Although the paper focuses on ‘putting to the test’ the T1w/T2w method as a myelin mapping tool, it is worth stating that all the imaging methods have strengths and weaknesses. For example, T1w/T2w maps’ strengths include ease of acquisition on 3 T scanners, high spatial resolution, high contrast-to-noise ratio (CNR), short acquisition times (Glasser and Van Essen 2011). Furthermore, T1w/T2w images are useful for other kinds of processing, including subcortical and cortical segmentation or surface generation (Glasser et al. 2014). At the same time, these are not quantitative, and there may be a second order anti-correlation with other white matter measures related to the predominant axonal diameter in the white matter.

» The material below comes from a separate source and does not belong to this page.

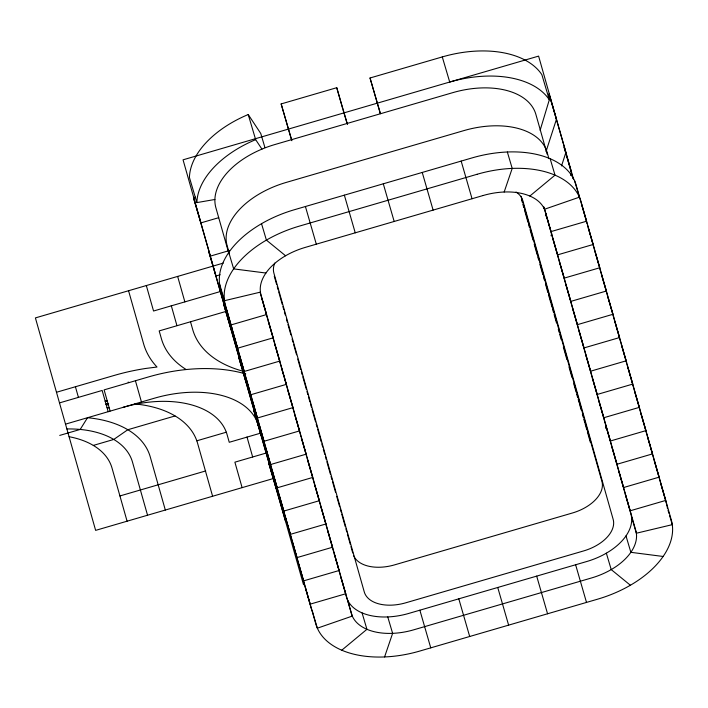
<?xml version="1.0" encoding="UTF-8"?>
<svg xmlns="http://www.w3.org/2000/svg" width="708" height="708" viewBox="0 0 708 708"><rect width="100%" height="100%" fill="white"/><g stroke="black" fill="none" stroke-linecap="round" stroke-linejoin="round"><path stroke-width="1.06" d="M540.124 130.299L549.311 99.793L541.868 74.676A92.589 55.206 -16.5 0 0 442.279 56.923L370.027 77.995L380.24 113.368M548.373 96.138L549.045 94.058L556.479 119.174L546.063 151.432M545.408 215.887L546.08 213.807M561.533 165.929L565.904 152.397L549.045 94.058M551.045 235.773L551.718 233.693M570.533 175.407L571.542 172.283L564.099 147.167L572.931 178.319M605.641 428.349L606.313 426.26M504.167 192.01L512.203 168.407L507.344 151.999M384.577 656.944L392.621 633.341L387.763 616.933M529.85 196.045L555.019 175.15L550.16 158.734M341.769 650.21L366.93 629.306L362.071 612.889M291.51 139.821L281.147 103.926L336.751 87.703L347.504 124.511M229.18 250.614L210.356 256.11L193.496 197.762L195.585 197.151M218.71 217.692L200.93 222.878L193.496 197.762M223.259 263.111L35.4 317.91L95.633 530.372L273.943 478.36M220.179 274.775L215.993 275.996L208.55 250.88L225.418 309.228M220.418 291.51L153.548 311.016L146.326 285.554M226.056 311.405L159.185 330.91L161.389 338.663A129.644 77.296 -16.5 0 0 186.142 369.514M56.481 392.267L114.085 375.47A148.105 88.305 -16.5 0 1 145.883 368.434L156.999 367.027A148.167 88.341 -16.5 0 1 143.609 343.849L128.555 290.74M59.499 402.896L102.156 390.453L108.174 411.693M105.165 401.073L107.182 400.48M105.28 401.471L107.235 400.896M106.076 404.295L108.103 403.967M65.517 424.136L109.997 411.162M59.729 435.411L80.199 429.437L87.518 417.711A111.112 66.251 -16.5 0 1 150.264 456.925L165.327 510.043M175 415.968L127.803 429.729L113.776 439.447L93.306 445.421M196.806 440.81L226.303 432.207M260.571 433.154L229.25 442.288L227.056 434.526A92.589 55.206 -16.5 0 0 123.121 407.33M266.208 453.04L234.888 462.174L242.109 487.644M119.926 495.954L205.692 470.935M260.429 292.121L224.498 300.696L219.639 284.28M264.942 147.609L260.756 133.476L248.225 114.537A92.589 55.206 -16.5 0 0 189.425 177.478L196.868 202.603L214.896 199.479M106.014 404.073L108.643 403.843M265.925 273.031L233.658 268.89L228.79 252.473M663.13 556.47L630.863 552.32L625.996 535.903M107.032 407.666L109.271 408.091M108.448 405.188L106.368 404.41M129.183 382.568L128.121 382.116M285.572 255.765L266.403 240.109L261.535 223.693M630.385 585.242L611.216 569.586L606.349 553.169M248.225 114.537L255.659 139.653L261.933 149.123M574.577 180.752L579.436 197.16L544.505 209.258L543.894 207.205M581.728 204.807L586.587 221.215L551.028 231.587L546.169 215.179M588.321 228.073L593.18 244.481L557.63 254.853L552.762 238.446M595.224 252.367L599.782 267.757L564.223 278.12L559.364 261.712M601.517 274.607L606.375 291.023L570.825 301.387L565.957 284.979M608.11 297.873L612.969 314.29L577.418 324.662L572.56 308.245M615.013 322.167L619.571 337.557L584.011 347.929L579.153 331.512M627.899 367.673L632.766 384.09L597.207 394.462L592.348 378.045M634.802 391.966L639.359 407.357L603.809 417.729L598.941 401.312M641.094 414.207L645.953 430.623L610.402 440.995L605.544 424.579M647.687 437.473L652.555 453.89L616.995 464.262L612.137 447.845M654.289 460.74L659.148 477.157L623.598 487.529L618.73 471.112M660.883 484.015L665.75 500.423L630.191 510.795L625.332 494.379M668.033 510.3L668.945 513.371M669.556 515.424L672.29 524.655L636.35 533.23L631.492 516.822M585.746 354.779L590.614 371.196L626.164 360.823L621.305 344.407L626.651 363.275M442.279 56.923L449.713 82.04A92.589 55.206 -16.5 0 1 549.311 99.793M461.165 161.088L472.05 198.744M575.622 564.763L586.507 602.42M422.234 172.442L433.119 210.108M536.682 576.117L547.567 613.783M370.027 77.995L380.479 113.74M383.294 183.806L394.179 221.462M497.742 587.481L508.627 625.137M343.079 109.997L347.115 123.599M344.353 195.16L355.239 232.817M458.802 598.835L469.687 636.492M281.147 103.926L291.9 140.724M305.422 206.515L316.308 244.18M419.871 610.19L430.756 647.855M261.73 298.148L266.589 314.556L231.038 324.928L226.179 308.52M268.323 321.414L273.191 337.822L237.631 348.194L232.773 331.786M274.925 344.681L279.784 361.089L244.233 371.461L239.366 355.053M281.519 367.948L286.386 384.356L250.827 394.728L245.968 378.32M288.121 391.214L292.979 407.622L257.42 417.994L252.561 401.586M295.015 415.507L299.572 430.898L264.022 441.261L259.163 424.853M307.909 461.014L312.768 477.431L277.217 487.803L272.35 471.386M314.812 485.307L319.37 500.698L283.811 511.07L278.952 494.653M321.105 507.548L325.963 523.964L290.404 534.336L285.545 517.92M327.698 530.814L332.556 547.231L297.006 557.603L292.147 541.186M334.291 554.081L339.159 570.498L303.599 580.87L298.741 564.453M340.893 577.347L345.752 593.764L310.201 604.136L305.334 587.72M347.424 599.676L352.283 616.093L317.352 628.191L312.485 611.774M231.056 329.114L223.613 303.998L240.472 362.337M265.757 448.12L270.615 464.528L306.175 454.164L301.307 437.748L306.661 456.616M246.11 382.223L238.676 357.106L255.535 415.454M261.172 435.34L253.73 410.224L270.589 468.572M276.226 488.458L268.792 463.342L285.651 521.681M587.127 223.852L576.126 185.062A92.589 55.206 -16.5 0 0 472.183 157.875L294.404 209.727A92.589 55.206 -16.5 0 0 220.577 288.776L310.936 607.464A92.589 55.206 -16.5 0 0 312.644 612.128M587.419 224.896L592.773 243.773M593.065 244.818L598.419 263.686M598.711 264.739L615.358 323.441M615.659 324.494L621.005 343.362M626.952 364.328L666.485 503.751M573.604 179.558L538.602 56.109L183.053 159.822L303.528 584.746M548.904 158.619L547.116 152.335A74.075 44.161 -16.5 0 0 463.961 130.582L286.182 182.434A74.075 44.161 -16.5 0 0 227.126 245.667L228.905 251.959M547.178 154.247L535.885 114.413A74.075 44.161 -16.5 0 0 452.731 92.66L274.952 144.52A74.075 44.161 -16.5 0 0 215.896 207.754L228.967 253.88M543.841 206.966L630.925 514.123A55.551 33.126 -16.5 0 1 586.631 561.55L408.852 613.402A55.551 33.126 -16.5 0 1 346.486 597.092L312.609 477.581M521.07 196.249L601.915 481.396A37.037 22.081 -16.5 0 1 572.383 513.008L394.613 564.86A37.037 22.081 -16.5 0 1 353.717 555.86M521.433 199.214L522.327 202.364M522.92 204.453L523.814 207.603M524.407 209.701L527.973 222.277M528.566 224.374L529.46 227.516M530.053 229.613L533.027 240.101M534.213 244.295L537.186 254.774M537.779 256.871L538.673 260.022M539.859 264.208L542.832 274.695M543.425 276.793L544.319 279.934M545.505 284.129L547.886 292.519M548.479 294.616L550.859 302.997M551.151 304.051L552.045 307.192M552.638 309.29L553.532 312.432M554.125 314.529L556.506 322.919M558.293 329.211L559.178 332.353M559.771 334.45L561.258 339.69M563.338 347.026L566.904 359.611M568.993 366.948L571.958 377.426M573.745 383.718L576.126 392.108M576.719 394.206L577.604 397.347M578.206 399.445L579.091 402.587M579.392 403.64L581.18 409.932M582.365 414.118L583.259 417.269M583.852 419.366L584.746 422.508M585.038 423.552L586.826 429.844M587.419 431.942L590.392 442.429M336.751 87.703L342.769 108.952M274.27 276.182L276.651 284.572M277.244 286.669L278.138 289.811M278.731 291.908L279.625 295.05M279.917 296.103L282.297 304.484M282.89 306.582L283.784 309.732M284.377 311.83L285.271 314.971M286.457 319.166L287.351 322.308M287.944 324.406L290.917 334.893M292.103 339.079L292.997 342.229M293.59 344.327L296.564 354.805M297.749 359L300.723 369.488M301.316 371.585L302.21 374.727M302.803 376.824L306.369 389.4M306.962 391.497L307.856 394.648M308.449 396.737L309.936 401.985M310.529 404.082L311.423 407.224M312.016 409.321L315.582 421.897M316.175 423.995L317.069 427.145M317.662 429.243L321.228 441.819M321.83 443.916L322.715 447.058M323.308 449.155L324.795 454.394M325.397 456.492L326.282 459.642M326.875 461.74L330.441 474.316M331.043 476.413L331.928 479.555M332.53 481.652L335.495 492.14M336.689 496.335L339.663 506.813M340.256 508.91L341.141 512.052M341.743 514.15L345.309 526.734M345.902 528.832L346.796 531.974M347.389 534.071L350.363 544.558M350.956 546.647L352.734 552.939M260.296 293.077L272.775 337.105M273.076 338.159L278.421 357.027M278.722 358.071L284.076 376.948M284.368 377.992L301.015 436.703M306.962 457.669L312.308 476.537M246.995 436.995L252.667 456.987M177.646 276.421L184.868 301.882M190.505 321.768L192.7 329.53A129.617 77.287 -16.5 0 0 244.056 371.479M171.274 305.652L176.929 325.609M212.604 496.246L197.55 443.137A111.112 66.251 -16.5 0 0 134.794 403.932M135.432 380.745L141.45 401.985M147.547 515.229L132.493 462.112A92.598 55.206 -16.5 0 0 66.879 428.951M127.086 521.194L112.023 468.077A92.598 55.206 -16.5 0 0 69.083 436.712M75.42 386.745L78.402 397.276M274.766 263.093A37.037 22.081 -16.5 0 0 273.908 273.217L364.266 591.906A37.037 22.081 -16.5 0 0 405.843 602.782L583.622 550.93A37.037 22.081 -16.5 0 0 613.146 519.309L522.796 200.621A37.037 22.081 -16.5 0 0 516.052 192.018M666.741 504.715A92.589 55.206 -16.5 0 1 667.476 508.627M196.868 202.603A92.589 55.206 -16.5 0 1 255.659 139.653M245.764 373.957A129.626 77.287 -16.5 0 0 191.841 369.054A129.591 77.269 -16.5 0 0 148.415 376.957L104.111 389.878L110.138 411.127L154.441 398.197A92.589 55.206 -16.5 0 1 258.367 425.393M231.923 327.503A92.589 55.206 -16.5 0 1 228.259 319.158M477.042 174.292L299.272 226.144A92.589 55.206 -16.5 0 0 225.436 305.183L315.795 623.881A92.589 55.206 -16.5 0 0 419.738 651.068L597.517 599.207A92.589 55.206 -16.5 0 0 671.343 520.168L580.985 201.479A92.589 55.206 -16.5 0 0 477.042 174.292M483.068 195.532L305.29 247.393A55.551 33.126 -16.5 0 0 260.995 294.811L351.354 613.509A55.551 33.126 -16.5 0 0 413.72 629.819L591.49 577.967A55.551 33.126 -16.5 0 0 635.793 530.54L545.434 211.851A55.551 33.126 -16.5 0 0 483.068 195.532"/></g></svg>

Moreover, these are typically harder to acquire at the same acquisition resolution, field strength, acquisition time, and CNR as T1w/T2w. MWF images are closer to the histological profile, as shown here. Yet the publicly available datasets seem to have a very low spatial resolution, which, in turn, might lead to significant partial voluming and rather long acquisition time. MWF maps correlate well with histology. However, considering the non-myelinated structures displaying high MWF values, it is plausible that these are not entirely specific for myelin either. The quest for the most suitable MRI measure for quantifying myelin is still open (Mancini et al. 2020), and future studies can potentially extend this finding by using also MT-based methods (Hagiwara et al. 2018; Henkelman et al. 2001). On a more general note, methodological and performance variability, inconsistent reporting, publication bias and limited validation data available are reportedly some of the factors limiting the comparison between MRI-based myelin markers (Lazari and Lipp 2021; van der Weijden et al. 2021).

Conclusions

Developing a reliable in vivo method for myelin mapping is crucial to understanding myelination in healthy and pathological conditions. This paper represents a preliminary attempt to clarify the biological underpinnings of the T1w/T2w signal. The results highlight important limitations in interpreting T1w/T2w as a valid myelin contrast in white matter. The discrepancy between T1w/T2w MRI maps, QSM, MWF and histological myelin maps suggests caution in using T1w/T2w as a white matter mapping method. Future studies are needed to clarify the exact biological meaning and the origin of the T1w/T2w signal in the white matter.